The mutual fund industry has long understood that knowledge about which stocks a fund owns is valuable. For years, it vigorously opposed efforts to require funds to make public their portfolios more than twice a year. Some fund complexes like the American Funds and Fidelity, a unit of FMR, say that no matter what others have done, they have zealously guarded this information from outsiders.

The SEC is now expected to require fund companies to disclose their fund holdings four times a year, and the industry has dropped its opposition to such a move. The proposal is still pending. But this change does not address the issue of selective disclosure. The SEC needs to provide more guidance in this area, fund analysts and executives say. Regulators, however, may take the position that sharing of portfolio information in exchange for investments or other inducements violates securities laws.

Fund companies also need to review their internal policies. Strong, for example, now says it will not share portfolio information with some investors without making it public to all. Some executives say funds should be required to ask their directors for permission to share information not available to the public and disclose these practices to their shareholders.

Of course, not all sharing of portfolio information is wrong, say fund analysts, securities lawyers and others.

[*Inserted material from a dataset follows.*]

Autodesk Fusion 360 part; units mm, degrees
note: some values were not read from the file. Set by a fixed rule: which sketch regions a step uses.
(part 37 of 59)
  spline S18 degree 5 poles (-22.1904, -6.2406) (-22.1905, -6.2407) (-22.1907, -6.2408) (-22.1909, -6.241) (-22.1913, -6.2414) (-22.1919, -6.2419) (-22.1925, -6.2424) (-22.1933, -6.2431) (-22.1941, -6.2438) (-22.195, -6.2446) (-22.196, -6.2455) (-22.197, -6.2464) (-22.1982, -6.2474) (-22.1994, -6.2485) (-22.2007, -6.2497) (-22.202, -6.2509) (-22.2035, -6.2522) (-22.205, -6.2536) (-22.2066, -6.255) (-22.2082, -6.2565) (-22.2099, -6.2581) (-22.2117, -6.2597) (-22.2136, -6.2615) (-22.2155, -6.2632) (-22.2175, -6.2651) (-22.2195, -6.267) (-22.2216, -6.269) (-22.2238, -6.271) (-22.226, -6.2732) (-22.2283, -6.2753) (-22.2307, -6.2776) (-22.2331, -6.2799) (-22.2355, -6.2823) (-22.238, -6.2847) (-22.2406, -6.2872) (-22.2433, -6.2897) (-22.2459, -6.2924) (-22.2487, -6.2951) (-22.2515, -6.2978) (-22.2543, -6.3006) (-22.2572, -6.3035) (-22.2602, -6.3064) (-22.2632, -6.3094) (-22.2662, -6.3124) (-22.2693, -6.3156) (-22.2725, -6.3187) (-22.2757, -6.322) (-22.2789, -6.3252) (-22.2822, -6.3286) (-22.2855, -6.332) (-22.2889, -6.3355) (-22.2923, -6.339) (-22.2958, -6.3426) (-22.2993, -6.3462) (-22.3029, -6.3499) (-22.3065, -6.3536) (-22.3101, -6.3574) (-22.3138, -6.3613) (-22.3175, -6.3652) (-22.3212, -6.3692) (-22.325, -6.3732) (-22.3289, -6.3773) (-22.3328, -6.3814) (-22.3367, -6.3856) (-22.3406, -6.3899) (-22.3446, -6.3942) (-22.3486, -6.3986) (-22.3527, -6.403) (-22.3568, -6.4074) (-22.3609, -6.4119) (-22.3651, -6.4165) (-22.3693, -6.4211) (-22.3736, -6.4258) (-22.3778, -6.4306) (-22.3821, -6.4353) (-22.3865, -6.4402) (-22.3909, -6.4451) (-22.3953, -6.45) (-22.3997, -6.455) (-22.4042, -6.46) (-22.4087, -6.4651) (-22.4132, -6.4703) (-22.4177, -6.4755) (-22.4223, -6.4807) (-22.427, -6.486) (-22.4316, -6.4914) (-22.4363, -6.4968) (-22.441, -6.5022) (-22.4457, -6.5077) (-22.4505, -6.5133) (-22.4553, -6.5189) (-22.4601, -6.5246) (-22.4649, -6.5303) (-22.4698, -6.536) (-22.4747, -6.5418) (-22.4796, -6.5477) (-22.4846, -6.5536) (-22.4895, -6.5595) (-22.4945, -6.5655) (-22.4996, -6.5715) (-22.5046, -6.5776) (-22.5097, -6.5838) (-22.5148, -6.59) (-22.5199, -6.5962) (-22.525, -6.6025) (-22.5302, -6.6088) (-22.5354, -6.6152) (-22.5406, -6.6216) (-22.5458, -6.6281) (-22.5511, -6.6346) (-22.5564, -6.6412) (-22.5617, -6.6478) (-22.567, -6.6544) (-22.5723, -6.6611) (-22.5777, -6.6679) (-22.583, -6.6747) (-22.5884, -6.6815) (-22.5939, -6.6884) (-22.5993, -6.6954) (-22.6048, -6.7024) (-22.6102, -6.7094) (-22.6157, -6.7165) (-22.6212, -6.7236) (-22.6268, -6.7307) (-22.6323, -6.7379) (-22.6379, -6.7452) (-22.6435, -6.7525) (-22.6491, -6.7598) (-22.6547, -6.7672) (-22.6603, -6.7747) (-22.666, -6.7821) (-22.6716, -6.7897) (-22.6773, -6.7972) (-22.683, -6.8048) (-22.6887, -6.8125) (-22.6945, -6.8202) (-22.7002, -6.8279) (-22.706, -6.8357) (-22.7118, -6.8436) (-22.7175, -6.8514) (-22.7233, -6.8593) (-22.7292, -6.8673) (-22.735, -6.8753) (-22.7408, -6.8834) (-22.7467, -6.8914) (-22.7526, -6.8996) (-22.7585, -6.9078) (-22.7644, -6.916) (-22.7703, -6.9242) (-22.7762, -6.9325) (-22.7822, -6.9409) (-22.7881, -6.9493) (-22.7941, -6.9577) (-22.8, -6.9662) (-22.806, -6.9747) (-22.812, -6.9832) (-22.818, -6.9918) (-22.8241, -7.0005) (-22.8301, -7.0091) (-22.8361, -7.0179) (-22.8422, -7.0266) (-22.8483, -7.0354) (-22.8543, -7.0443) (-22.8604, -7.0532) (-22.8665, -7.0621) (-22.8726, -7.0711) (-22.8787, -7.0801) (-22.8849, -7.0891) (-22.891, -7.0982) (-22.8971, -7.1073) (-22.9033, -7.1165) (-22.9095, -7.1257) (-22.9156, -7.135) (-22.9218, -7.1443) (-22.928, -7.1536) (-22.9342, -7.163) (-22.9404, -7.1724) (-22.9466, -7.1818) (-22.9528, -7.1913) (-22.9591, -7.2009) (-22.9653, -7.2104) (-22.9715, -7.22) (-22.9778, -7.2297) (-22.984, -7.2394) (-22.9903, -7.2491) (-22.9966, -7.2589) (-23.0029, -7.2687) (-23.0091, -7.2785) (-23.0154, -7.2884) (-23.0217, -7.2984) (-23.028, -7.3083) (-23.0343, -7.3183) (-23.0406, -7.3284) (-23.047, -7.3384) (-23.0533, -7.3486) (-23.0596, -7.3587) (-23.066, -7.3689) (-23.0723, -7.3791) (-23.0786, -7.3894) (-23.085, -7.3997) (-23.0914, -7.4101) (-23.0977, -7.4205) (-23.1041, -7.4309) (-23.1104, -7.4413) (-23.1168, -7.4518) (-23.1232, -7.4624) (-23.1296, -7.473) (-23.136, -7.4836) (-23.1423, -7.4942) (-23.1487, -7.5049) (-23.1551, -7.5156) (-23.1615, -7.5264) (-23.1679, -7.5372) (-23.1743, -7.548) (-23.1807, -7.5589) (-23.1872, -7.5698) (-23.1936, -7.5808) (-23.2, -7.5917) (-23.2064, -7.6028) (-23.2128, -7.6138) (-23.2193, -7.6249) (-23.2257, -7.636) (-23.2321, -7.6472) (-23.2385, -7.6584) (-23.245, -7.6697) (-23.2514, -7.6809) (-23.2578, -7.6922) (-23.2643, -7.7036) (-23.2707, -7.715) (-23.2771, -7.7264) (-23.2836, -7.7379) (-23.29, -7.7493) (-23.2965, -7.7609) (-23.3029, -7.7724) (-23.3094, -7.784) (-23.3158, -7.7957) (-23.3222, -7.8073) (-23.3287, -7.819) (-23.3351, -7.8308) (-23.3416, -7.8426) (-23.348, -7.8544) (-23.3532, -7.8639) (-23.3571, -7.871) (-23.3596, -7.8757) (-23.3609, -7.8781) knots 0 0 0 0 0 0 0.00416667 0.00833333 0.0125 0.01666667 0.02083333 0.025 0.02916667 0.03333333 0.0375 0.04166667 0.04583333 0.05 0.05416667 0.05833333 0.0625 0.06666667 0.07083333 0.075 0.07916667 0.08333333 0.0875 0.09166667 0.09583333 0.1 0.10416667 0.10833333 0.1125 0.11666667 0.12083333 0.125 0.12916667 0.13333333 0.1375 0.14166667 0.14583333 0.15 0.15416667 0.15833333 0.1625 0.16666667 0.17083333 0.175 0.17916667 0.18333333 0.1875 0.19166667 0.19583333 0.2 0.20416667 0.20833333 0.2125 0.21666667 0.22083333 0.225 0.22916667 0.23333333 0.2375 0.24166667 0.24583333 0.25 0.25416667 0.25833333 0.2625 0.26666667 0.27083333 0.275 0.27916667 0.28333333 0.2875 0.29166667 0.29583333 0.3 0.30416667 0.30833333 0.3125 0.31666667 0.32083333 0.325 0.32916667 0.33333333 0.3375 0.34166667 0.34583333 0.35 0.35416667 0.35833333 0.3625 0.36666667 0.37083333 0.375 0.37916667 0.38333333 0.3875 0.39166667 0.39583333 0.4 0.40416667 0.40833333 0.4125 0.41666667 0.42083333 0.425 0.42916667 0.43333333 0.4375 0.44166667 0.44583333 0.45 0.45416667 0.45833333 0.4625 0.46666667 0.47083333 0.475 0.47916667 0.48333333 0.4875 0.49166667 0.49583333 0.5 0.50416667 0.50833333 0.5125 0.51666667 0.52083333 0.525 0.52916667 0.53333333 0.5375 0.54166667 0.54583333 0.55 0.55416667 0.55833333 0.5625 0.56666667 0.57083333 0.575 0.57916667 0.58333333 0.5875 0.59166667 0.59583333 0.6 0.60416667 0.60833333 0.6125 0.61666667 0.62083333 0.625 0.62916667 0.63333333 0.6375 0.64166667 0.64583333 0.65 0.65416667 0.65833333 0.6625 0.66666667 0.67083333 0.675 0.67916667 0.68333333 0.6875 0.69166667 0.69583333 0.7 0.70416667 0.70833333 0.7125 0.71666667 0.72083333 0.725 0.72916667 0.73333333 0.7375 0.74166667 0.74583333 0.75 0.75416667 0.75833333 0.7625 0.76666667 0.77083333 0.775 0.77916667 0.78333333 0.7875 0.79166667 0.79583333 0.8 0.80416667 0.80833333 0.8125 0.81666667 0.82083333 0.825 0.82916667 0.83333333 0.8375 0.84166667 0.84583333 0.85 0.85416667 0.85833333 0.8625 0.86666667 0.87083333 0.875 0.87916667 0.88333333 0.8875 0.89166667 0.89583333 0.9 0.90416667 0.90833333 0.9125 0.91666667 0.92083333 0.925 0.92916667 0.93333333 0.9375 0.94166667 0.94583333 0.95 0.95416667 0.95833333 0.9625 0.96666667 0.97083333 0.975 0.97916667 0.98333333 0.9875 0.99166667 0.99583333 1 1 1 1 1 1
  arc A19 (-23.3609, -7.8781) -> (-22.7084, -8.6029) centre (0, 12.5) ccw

They make the distinction between disclosing fund holdings to people like consultants and fund trackers, who use it to advise people on their fund choices, and those who use the information to make money by providing it to investors to trade on or trading on it themselves.

“While most fund companies do an admirable job of disclosing fund holdings to their shareholders, many also provide access to fund holdings more rapidly, more frequently, or both to fund trackers, advisers, consultants or other firms with which an adviser has a business relationship,” two Fidelity executives wrote.